Un profond malaise nucléaire à Deep River

Dans la ville de Deep River, en Ontario, les aiguilles de l’horloge atomique tournent. Situés sur son territoire, tout près de là, plus d’un million de mètres cubes de déchets nucléaires dorment, en attendant d’être enfouis à un kilomètre de la rivière des Outaouais. Sept mois après le feu vert accordé au projet par le tribunal de la Commission canadienne de sûreté nucléaire, les riverains s’entredéchirent. Premier de trois textes.
Le bateau de Jason Phelps tambourine sur la rivière des Outaouais, laissant derrière lui une traînée d’écume. « C’est sûr que je ne pêche plus icitte, je ne mange plus de poisson d’icitte », lance-t-il, le regard fixé vers la rive ontarienne.
Sous ses yeux, au sommet d’un bâtiment de briques qui borde l’eau agitée de la rivière, se hissent deux cheminées bicolores. Un matin bien calme sur les terrains des laboratoires nucléaires de Chalk River.
Érigée sur un territoire de quelque 4000 hectares, l’usine fait partie du paysage de l’Est ontarien depuis plus de 80 ans, si bien que Deep River, la ville qui l’englobe, a essentiellement le même âge. « Nous étions le parallèle canadien à Los Alamos », résume la mairesse de la ville, Suzanne D’Eon, en référence à la ville américaine qui a vu naître le « projet Manhattan » dans les années 1940.
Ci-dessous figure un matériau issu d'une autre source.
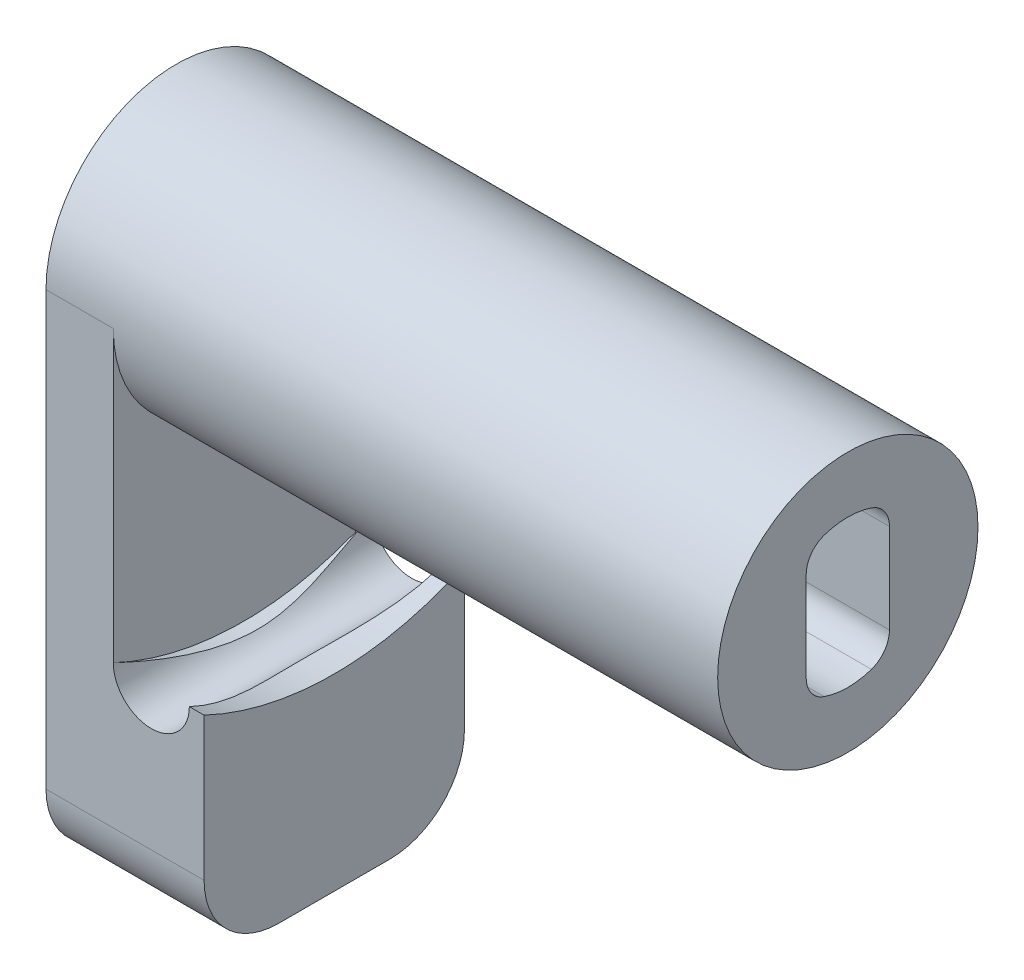
ISO-10303-21;
HEADER;
FILE_DESCRIPTION(('STEP AP214'),'2;1');
FILE_NAME('part.step','',(''),(''),'','','');
FILE_SCHEMA(('AUTOMOTIVE_DESIGN { 1 0 10303 214 1 1 1 1 }'));
ENDSEC;
DATA;
#1=APPLICATION_CONTEXT('core data for automotive mechanical design processes');
#2=APPLICATION_PROTOCOL_DEFINITION('international standard','automotive_design',2000,#1);
#3=PRODUCT_CONTEXT('',#1,'mechanical');
#4=PRODUCT('Part','Part','',(#3));
#5=PRODUCT_RELATED_PRODUCT_CATEGORY('part','',(#4));
#6=PRODUCT_DEFINITION_FORMATION('','',#4);
#7=PRODUCT_DEFINITION_CONTEXT('part definition',#1,'design');
#8=PRODUCT_DEFINITION('design','',#6,#7);
#9=PRODUCT_DEFINITION_SHAPE('','',#8);
#10=(LENGTH_UNIT() NAMED_UNIT(*) SI_UNIT(.MILLI.,.METRE.));
#11=(NAMED_UNIT(*) PLANE_ANGLE_UNIT() SI_UNIT($,.RADIAN.));
#12=(NAMED_UNIT(*) SI_UNIT($,.STERADIAN.) SOLID_ANGLE_UNIT());
#13=UNCERTAINTY_MEASURE_WITH_UNIT(LENGTH_MEASURE(1.E-05),#10,'distance_accuracy_value','');
#14=(GEOMETRIC_REPRESENTATION_CONTEXT(3) GLOBAL_UNCERTAINTY_ASSIGNED_CONTEXT((#13)) GLOBAL_UNIT_ASSIGNED_CONTEXT((#10,
#11,#12)) REPRESENTATION_CONTEXT('',''));
#15=CARTESIAN_POINT('',(0.,0.,0.));
#16=DIRECTION('',(0.,0.,1.));
#17=DIRECTION('',(1.,0.,0.));
#18=AXIS2_PLACEMENT_3D('',#15,#16,#17);
#19=CARTESIAN_POINT('',(-13.1529612058234,-1.08551700717587,0.));
#20=DIRECTION('',(1.,0.,0.));
#21=DIRECTION('',(0.,0.,-1.));
#22=AXIS2_PLACEMENT_3D('',#19,#20,#21);
#23=CYLINDRICAL_SURFACE('',#22,20.32);
#24=CARTESIAN_POINT('',(4.516000112,-19.431,-8.7376));
#25=CARTESIAN_POINT('',(4.51603731749877,-19.5177287528389,-8.5555150718596));
#26=CARTESIAN_POINT('',(4.52041756207572,-19.6017131843481,-8.37218776939642));
#27=CARTESIAN_POINT('',(4.53649669182362,-19.7640441249381,-8.00346974642191));
#28=CARTESIAN_POINT('',(4.54819196914922,-19.8423933921093,-7.81808008733202));
#29=CARTESIAN_POINT('',(4.57750524371221,-19.9932298337656,-7.44587482763609));
#30=CARTESIAN_POINT('',(4.59511059020355,-20.0657291226541,-7.25906309881219));
#31=CARTESIAN_POINT('',(4.6350984527638,-20.2050234726588,-6.88381652494582));
#32=CARTESIAN_POINT('',(4.65748161048571,-20.2718177659139,-6.69538146515752));
#33=CARTESIAN_POINT('',(4.73063386302325,-20.4648184988648,-6.12434180645761));
#34=CARTESIAN_POINT('',(4.78709294470231,-20.5822383370678,-5.73947026967527));
#35=CARTESIAN_POINT('',(4.90685418840569,-20.7938885012978,-4.9642812598655));
#36=CARTESIAN_POINT('',(4.97016061356254,-20.8881042595447,-4.57396052741235));
#37=CARTESIAN_POINT('',(5.09296430268536,-21.0504853530193,-3.80167743454365));
#38=CARTESIAN_POINT('',(5.15251770203577,-21.1194348094891,-3.41988894288582));
#39=CARTESIAN_POINT('',(5.26139557184988,-21.235522973599,-2.65150880361196));
#40=CARTESIAN_POINT('',(5.31072214253996,-21.2826661619228,-2.26491815950602));
#41=CARTESIAN_POINT('',(5.36996981115032,-21.3365954064752,-1.68338288453226));
#42=CARTESIAN_POINT('',(5.38722709898677,-21.3517501970454,-1.48994178039054));
#43=CARTESIAN_POINT('',(5.41595618999079,-21.376527934953,-1.10226762126502));
#44=CARTESIAN_POINT('',(5.42742814364184,-21.3861510261775,-0.908034587012759));
#45=CARTESIAN_POINT('',(5.44384213927347,-21.399814361787,-0.519182820192744));
#46=CARTESIAN_POINT('',(5.4487872492382,-21.4038572292324,-0.324564311936539));
#47=CARTESIAN_POINT('',(5.45182482094318,-21.4063463641171,0.0647645243224691));
#48=CARTESIAN_POINT('',(5.44991713093645,-21.4047925076236,0.25947485426309));
#49=CARTESIAN_POINT('',(5.43791560220297,-21.3949008098425,0.702031122744907));
#50=CARTESIAN_POINT('',(5.42571740508307,-21.3848170128464,0.949783737628716));
#51=CARTESIAN_POINT('',(5.39165308592273,-21.3556506908518,1.44409389752363));
#52=CARTESIAN_POINT('',(5.36978570537389,-21.3365669944351,1.69065128274307));
#53=CARTESIAN_POINT('',(5.31841361275851,-21.2894896279478,2.1824283587983));
#54=CARTESIAN_POINT('',(5.28889873312364,-21.2614840845627,2.42764582157201));
#55=CARTESIAN_POINT('',(5.22459428249614,-21.1966813330368,2.91619580195046));
#56=CARTESIAN_POINT('',(5.18980480135659,-21.1598842746537,3.15952835159059));
#57=CARTESIAN_POINT('',(5.11704832924566,-21.0773221209748,3.64572203666351));
#58=CARTESIAN_POINT('',(5.0790635160548,-21.03150451255,3.88857157186214));
#59=CARTESIAN_POINT('',(5.00229123413209,-20.931076768087,4.37232221506012));
#60=CARTESIAN_POINT('',(4.96350366591518,-20.876465536504,4.61322307635335));
#61=CARTESIAN_POINT('',(4.84906519895848,-20.6995446264881,5.332540827966));
#62=CARTESIAN_POINT('',(4.77524179271125,-20.5640491428703,5.80815334623814));
#63=CARTESIAN_POINT('',(4.68332294902369,-20.3429656895821,6.48856420455001));
#64=CARTESIAN_POINT('',(4.6570609963979,-20.2715032996002,6.69693796652465));
#65=CARTESIAN_POINT('',(4.60994604418476,-20.1216333367819,7.1117720077411));
#66=CARTESIAN_POINT('',(4.58909206679276,-20.0432270229058,7.31823262637574));
#67=CARTESIAN_POINT('',(4.55437450524215,-19.8797799982117,7.72829969041081));
#68=CARTESIAN_POINT('',(4.5404869822015,-19.7947631829191,7.93191353995666));
#69=CARTESIAN_POINT('',(4.52609874323223,-19.6621542658722,8.23548148381315));
#70=CARTESIAN_POINT('',(4.52237634337057,-19.617088565154,8.33639443081653));
#71=CARTESIAN_POINT('',(4.51732854253573,-19.525288679427,8.53753160177582));
#72=CARTESIAN_POINT('',(4.51600340983757,-19.4785543082763,8.63775574739877));
#73=CARTESIAN_POINT('',(4.516000112,-19.431,8.7376));
#74=B_SPLINE_CURVE_WITH_KNOTS('',3,(#24,#25,#26,#27,#28,#29,#30,#31,#32,#33,#34,#35,#36,#37,#38,
#39,#40,#41,#42,#43,#44,#45,#46,#47,#48,#49,#50,#51,#52,#53,#54,#55,#56,#57,#58,#59,#60,#61,#62,
#63,#64,#65,#66,#67,#68,#69,#70,#71,#72,#73),.UNSPECIFIED.,.F.,.F.,(4,2,2,2,2,2,2,2,2,2,2,2,2,2,
2,2,2,2,2,2,2,2,2,2,4),(0.,0.604902094843688,1.20950608108938,1.81282405341211,2.41622310148412,
3.6342575228127,4.8530547015255,6.02995777472376,7.20661891401831,7.79087980929366,
8.37512550645878,8.95909647731702,9.54308037958888,10.2874501190093,11.0319167716234,
11.7773783385945,12.522827208021,13.2727513586984,14.0227690103302,15.5210179611022,
16.1864245199329,16.8517106839849,17.5146947852316,17.8464021322582,18.1781465979217),.UNSPECIFIED.);
#75=CARTESIAN_POINT('',(4.516000112,-19.431,-8.7376));
#76=VERTEX_POINT('',#75);
#77=CARTESIAN_POINT('',(4.516000112,-19.431,8.7376));
#78=VERTEX_POINT('',#77);
#79=EDGE_CURVE('E228',#76,#78,#74,.T.);
#80=ORIENTED_EDGE('',*,*,#79,.F.);
#81=CARTESIAN_POINT('',(4.516000112,-1.08551700717587,0.));
#82=DIRECTION('',(-1.,0.,0.));
#83=DIRECTION('',(0.,0.,1.));
#84=AXIS2_PLACEMENT_3D('',#81,#82,#83);
#85=CIRCLE('',#84,20.32);
#86=EDGE_CURVE('E254',#76,#78,#85,.T.);
#87=ORIENTED_EDGE('',*,*,#86,.T.);
#88=EDGE_LOOP('',(#80,#87));
#89=FACE_BOUND('',#88,.T.);
#90=ADVANCED_FACE('F50',(#89),#23,.F.);
#91=CARTESIAN_POINT('',(45.085,0.,0.));
#92=DIRECTION('',(-1.,0.,0.));
#93=DIRECTION('',(0.,0.,1.));
#94=AXIS2_PLACEMENT_3D('',#91,#92,#93);
#95=CYLINDRICAL_SURFACE('',#94,8.7376);
#96=CARTESIAN_POINT('',(4.516000112,0.,0.));
#97=DIRECTION('',(-1.,0.,0.));
#98=DIRECTION('',(0.,0.,1.));
#99=AXIS2_PLACEMENT_3D('',#96,#97,#98);
#100=CIRCLE('',#99,8.7376);
#101=CARTESIAN_POINT('',(4.516000112,0.,-8.7376));
#102=VERTEX_POINT('',#101);
#103=CARTESIAN_POINT('',(4.516000112,0.,8.7376));
#104=VERTEX_POINT('',#103);
#105=EDGE_CURVE('E283',#102,#104,#100,.T.);
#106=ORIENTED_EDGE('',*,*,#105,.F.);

En s’aventurant sur la route 17 vers l’ouest, un automobiliste en provenance de Montréal croisera la ville de Chalk River, puis, très vite, un chemin du nom de Plant Road, « la route de l’usine ». Après avoir tourné à droite, laissant derrière lui une large installation marquée du logo d’Énergie atomique du Canada limitée (EACL) — société de la Couronne canadienne —, il tombera face à face avec un portail fortement sécurisé. Ici s’amorce le campus des laboratoires de Chalk River.

C’est sur ces terres qu’une équipe de scientifiques canadiens, britanniques et français ont développé le premier réacteur nucléaire à l’extérieur des États-Unis, au milieu des années 1940, usant d’uranium et d’eau lourde pour générer de la fission nucléaire.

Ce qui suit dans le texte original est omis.